Be aware that I am creating an SQLite temp database file on-demand for each test execution with $this->databaseFilePath = '/tmp/test-' . time();
and, thanks to the Dbal library, we can be confident that operations could work for any database.
-> It is highly recommended that, as an alternative, create a container with a seeded database that is compatible with your production database system.
<?php
namespace Test\Integration\Blog\Infrastructure;
use Blog\Infrastructure\DbalLeadQueryService;
use Doctrine\DBAL\Connection;
use Faker\Factory;
use Faker\Generator;
use Test\TestCase;
class DbalLeadQueryServiceTest extends TestCase
{
private string $databaseFilePath;
private Generator $faker;
private Connection $connection;
private DbalLeadQueryService $service;
public function testCanGetAll()
{
$this->addEmail($email1 = $this->faker->email());
$this->addEmail($email2 = $this->faker->email());
$this->addEmail($email3 = $this->faker->email());
$expected = [
['email' => $email1],
['email' => $email2],
['email' => $email3],
];
$fetched = $this->service->getAll();
self::assertEquals($expected, $fetched);
}
protected function setUp(): void
{
parent::setUp();
$this->faker = Factory::create();
$this->createLeadTable();
$this->service = new DbalLeadQueryService($this->connection());
}
protected function tearDown(): void
{
parent::tearDown();
$this->dropDatabase();
}
private function connection(): Connection
{
if (!isset($this->connection)) {
$this->databaseFilePath = '/tmp/test-' . time();
$config = new \Doctrine\DBAL\Configuration();
$connectionParams = [
'url' => "sqlite:///{$this->databaseFilePath}",
];
$this->connection = DriverManager::getConnection($connectionParams, $config);
}
return $this->connection;
}
private function dropDatabase()
{
@unlink($this->databaseFilePath);
}
private function createLeadTable(): void
{
$this->connection()->executeQuery('CREATE TABLE IF NOT EXISTS leads ( email VARCHAR )');
}
private function addEmail(string $email): int
{
return $this->connection()->insert('leads', ['email' => $email]);
}
}
Conclusion
PHP is evolving very quickly, with new features that enable more quality software, help developers and is even more committed to the fact that most of the web run flavours of PHP code.
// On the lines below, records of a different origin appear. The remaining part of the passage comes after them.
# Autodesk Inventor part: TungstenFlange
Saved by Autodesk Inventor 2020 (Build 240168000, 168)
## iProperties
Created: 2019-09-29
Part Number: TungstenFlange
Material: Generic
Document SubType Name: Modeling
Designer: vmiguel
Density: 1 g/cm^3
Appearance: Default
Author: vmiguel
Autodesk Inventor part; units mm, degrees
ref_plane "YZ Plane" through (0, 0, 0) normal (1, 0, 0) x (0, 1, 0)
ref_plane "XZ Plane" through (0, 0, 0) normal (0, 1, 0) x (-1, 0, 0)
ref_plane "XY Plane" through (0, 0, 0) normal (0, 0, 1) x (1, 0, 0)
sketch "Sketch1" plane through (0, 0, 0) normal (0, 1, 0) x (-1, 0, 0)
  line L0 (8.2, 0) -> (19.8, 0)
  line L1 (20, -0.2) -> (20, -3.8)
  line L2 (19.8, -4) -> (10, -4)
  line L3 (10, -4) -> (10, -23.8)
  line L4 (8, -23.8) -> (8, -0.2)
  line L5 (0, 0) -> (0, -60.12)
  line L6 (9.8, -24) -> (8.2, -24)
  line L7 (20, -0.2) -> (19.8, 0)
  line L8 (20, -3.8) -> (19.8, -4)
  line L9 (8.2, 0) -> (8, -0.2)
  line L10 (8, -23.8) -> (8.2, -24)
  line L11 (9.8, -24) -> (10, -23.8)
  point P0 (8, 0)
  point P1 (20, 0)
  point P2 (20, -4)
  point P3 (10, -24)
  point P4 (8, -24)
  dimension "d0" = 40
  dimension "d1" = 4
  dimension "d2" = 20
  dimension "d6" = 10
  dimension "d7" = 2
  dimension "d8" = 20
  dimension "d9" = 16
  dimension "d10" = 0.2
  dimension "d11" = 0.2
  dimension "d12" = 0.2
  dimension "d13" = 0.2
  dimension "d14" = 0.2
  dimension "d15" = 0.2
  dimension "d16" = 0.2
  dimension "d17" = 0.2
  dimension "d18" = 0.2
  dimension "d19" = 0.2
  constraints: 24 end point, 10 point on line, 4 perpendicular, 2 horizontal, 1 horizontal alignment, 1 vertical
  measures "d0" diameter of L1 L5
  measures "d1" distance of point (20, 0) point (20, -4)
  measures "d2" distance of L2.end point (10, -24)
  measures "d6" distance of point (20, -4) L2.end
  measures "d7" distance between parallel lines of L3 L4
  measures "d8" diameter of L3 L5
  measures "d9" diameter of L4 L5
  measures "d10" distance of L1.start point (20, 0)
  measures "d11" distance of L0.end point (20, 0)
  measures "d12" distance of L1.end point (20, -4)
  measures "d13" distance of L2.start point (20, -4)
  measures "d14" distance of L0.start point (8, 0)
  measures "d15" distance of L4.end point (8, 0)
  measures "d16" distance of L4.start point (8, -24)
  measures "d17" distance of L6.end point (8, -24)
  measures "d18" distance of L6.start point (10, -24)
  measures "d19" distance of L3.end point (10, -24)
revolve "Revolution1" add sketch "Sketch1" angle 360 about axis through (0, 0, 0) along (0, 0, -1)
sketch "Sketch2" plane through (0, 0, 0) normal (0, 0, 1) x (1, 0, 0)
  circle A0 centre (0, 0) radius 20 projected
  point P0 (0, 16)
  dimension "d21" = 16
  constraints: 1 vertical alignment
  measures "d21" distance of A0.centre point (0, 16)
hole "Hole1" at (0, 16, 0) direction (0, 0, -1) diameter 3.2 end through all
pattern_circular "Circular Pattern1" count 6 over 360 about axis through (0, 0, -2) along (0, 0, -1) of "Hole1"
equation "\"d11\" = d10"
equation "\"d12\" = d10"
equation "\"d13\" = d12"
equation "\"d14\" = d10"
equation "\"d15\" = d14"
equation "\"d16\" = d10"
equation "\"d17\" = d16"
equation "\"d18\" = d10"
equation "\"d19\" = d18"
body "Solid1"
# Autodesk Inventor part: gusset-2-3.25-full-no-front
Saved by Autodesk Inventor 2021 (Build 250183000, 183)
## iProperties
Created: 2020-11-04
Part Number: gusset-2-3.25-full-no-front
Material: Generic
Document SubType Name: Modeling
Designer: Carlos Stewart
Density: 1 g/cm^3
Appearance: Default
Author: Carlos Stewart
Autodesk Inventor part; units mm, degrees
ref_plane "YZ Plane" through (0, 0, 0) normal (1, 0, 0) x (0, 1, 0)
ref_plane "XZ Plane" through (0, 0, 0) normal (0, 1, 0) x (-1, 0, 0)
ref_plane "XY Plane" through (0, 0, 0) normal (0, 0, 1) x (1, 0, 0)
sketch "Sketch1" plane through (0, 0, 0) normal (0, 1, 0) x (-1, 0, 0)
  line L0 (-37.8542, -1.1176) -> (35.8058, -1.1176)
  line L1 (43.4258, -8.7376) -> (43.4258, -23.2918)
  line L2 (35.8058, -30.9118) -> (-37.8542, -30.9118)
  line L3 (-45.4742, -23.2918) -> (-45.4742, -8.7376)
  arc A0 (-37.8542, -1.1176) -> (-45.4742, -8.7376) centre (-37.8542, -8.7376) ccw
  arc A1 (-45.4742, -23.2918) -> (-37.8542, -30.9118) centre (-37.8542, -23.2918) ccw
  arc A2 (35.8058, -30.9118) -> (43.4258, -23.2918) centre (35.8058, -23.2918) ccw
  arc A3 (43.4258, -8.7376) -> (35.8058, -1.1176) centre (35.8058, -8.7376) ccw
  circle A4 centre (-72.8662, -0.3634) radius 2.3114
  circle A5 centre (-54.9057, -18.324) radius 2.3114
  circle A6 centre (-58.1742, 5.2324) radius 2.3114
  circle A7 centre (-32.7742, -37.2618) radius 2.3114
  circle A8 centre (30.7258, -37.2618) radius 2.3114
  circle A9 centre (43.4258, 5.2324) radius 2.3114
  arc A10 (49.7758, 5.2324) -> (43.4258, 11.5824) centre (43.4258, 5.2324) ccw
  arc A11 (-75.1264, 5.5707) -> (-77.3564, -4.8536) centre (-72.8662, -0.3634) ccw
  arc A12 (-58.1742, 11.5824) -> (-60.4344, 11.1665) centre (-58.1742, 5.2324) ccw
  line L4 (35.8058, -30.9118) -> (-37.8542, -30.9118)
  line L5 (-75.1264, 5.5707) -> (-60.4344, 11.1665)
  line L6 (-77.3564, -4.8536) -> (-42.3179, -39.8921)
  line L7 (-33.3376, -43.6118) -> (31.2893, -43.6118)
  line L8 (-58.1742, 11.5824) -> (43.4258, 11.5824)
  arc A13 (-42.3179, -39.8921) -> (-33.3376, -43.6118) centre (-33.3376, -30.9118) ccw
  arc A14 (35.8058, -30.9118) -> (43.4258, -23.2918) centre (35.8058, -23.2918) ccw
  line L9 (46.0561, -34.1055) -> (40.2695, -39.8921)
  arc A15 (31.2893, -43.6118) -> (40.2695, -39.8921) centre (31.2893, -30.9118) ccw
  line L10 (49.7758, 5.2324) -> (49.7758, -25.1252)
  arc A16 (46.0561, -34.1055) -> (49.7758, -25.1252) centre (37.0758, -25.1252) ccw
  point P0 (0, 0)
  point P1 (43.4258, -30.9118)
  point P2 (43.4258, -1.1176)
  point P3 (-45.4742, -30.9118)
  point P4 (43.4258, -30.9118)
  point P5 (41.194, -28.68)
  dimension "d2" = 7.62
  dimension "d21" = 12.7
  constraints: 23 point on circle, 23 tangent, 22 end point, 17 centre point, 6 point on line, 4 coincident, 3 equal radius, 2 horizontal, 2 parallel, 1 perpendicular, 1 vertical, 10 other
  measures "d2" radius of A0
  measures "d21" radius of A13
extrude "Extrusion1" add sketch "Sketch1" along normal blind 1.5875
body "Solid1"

New features improve readability, software architecture, test coverage and performance. Those are all proof of a mature and live language.
Upgrade to PHP 8.1 and use "new in initializers" as soon as possible. You will not regret it.
If there is something you want to discuss more, let me know in the comments.
Code at https://github.com/rafaelbernard/blog-php-81-new-initializers
Links:
- New in initializers RFC
- Road to PHP 8.1
- Dependency Injection
- Dependency inversion principle
- Interface segregation principle
- Solid relevance
- SOLID principles
The post PHP 8.1: more on new in initializers first appeared on Rafael Bernard Araujo.
Top comments (2)
I joined PHP when 7.3 was the "hot stuff", but coded more frequent with the release of 7.4. Seeing all these improvements over the last 2 years has really spoiled me and I'm a happy web developer now. My favourite new feature is named arguments. I think they improve code readability while giving a nice shortcut to that 4th argument that you don't want to initialize with a default value. I haven't used new in initializes yet, but it's something I'll keep in mind now. Thanks for this neat article!
Thanks, Anders. I am very glad that you liked the article.
named arguments are another real great feature that PHP is providing. They keep coming and coming. Enums, first class callables, read-only properties are other examples of features with great impact at day-to-day activities.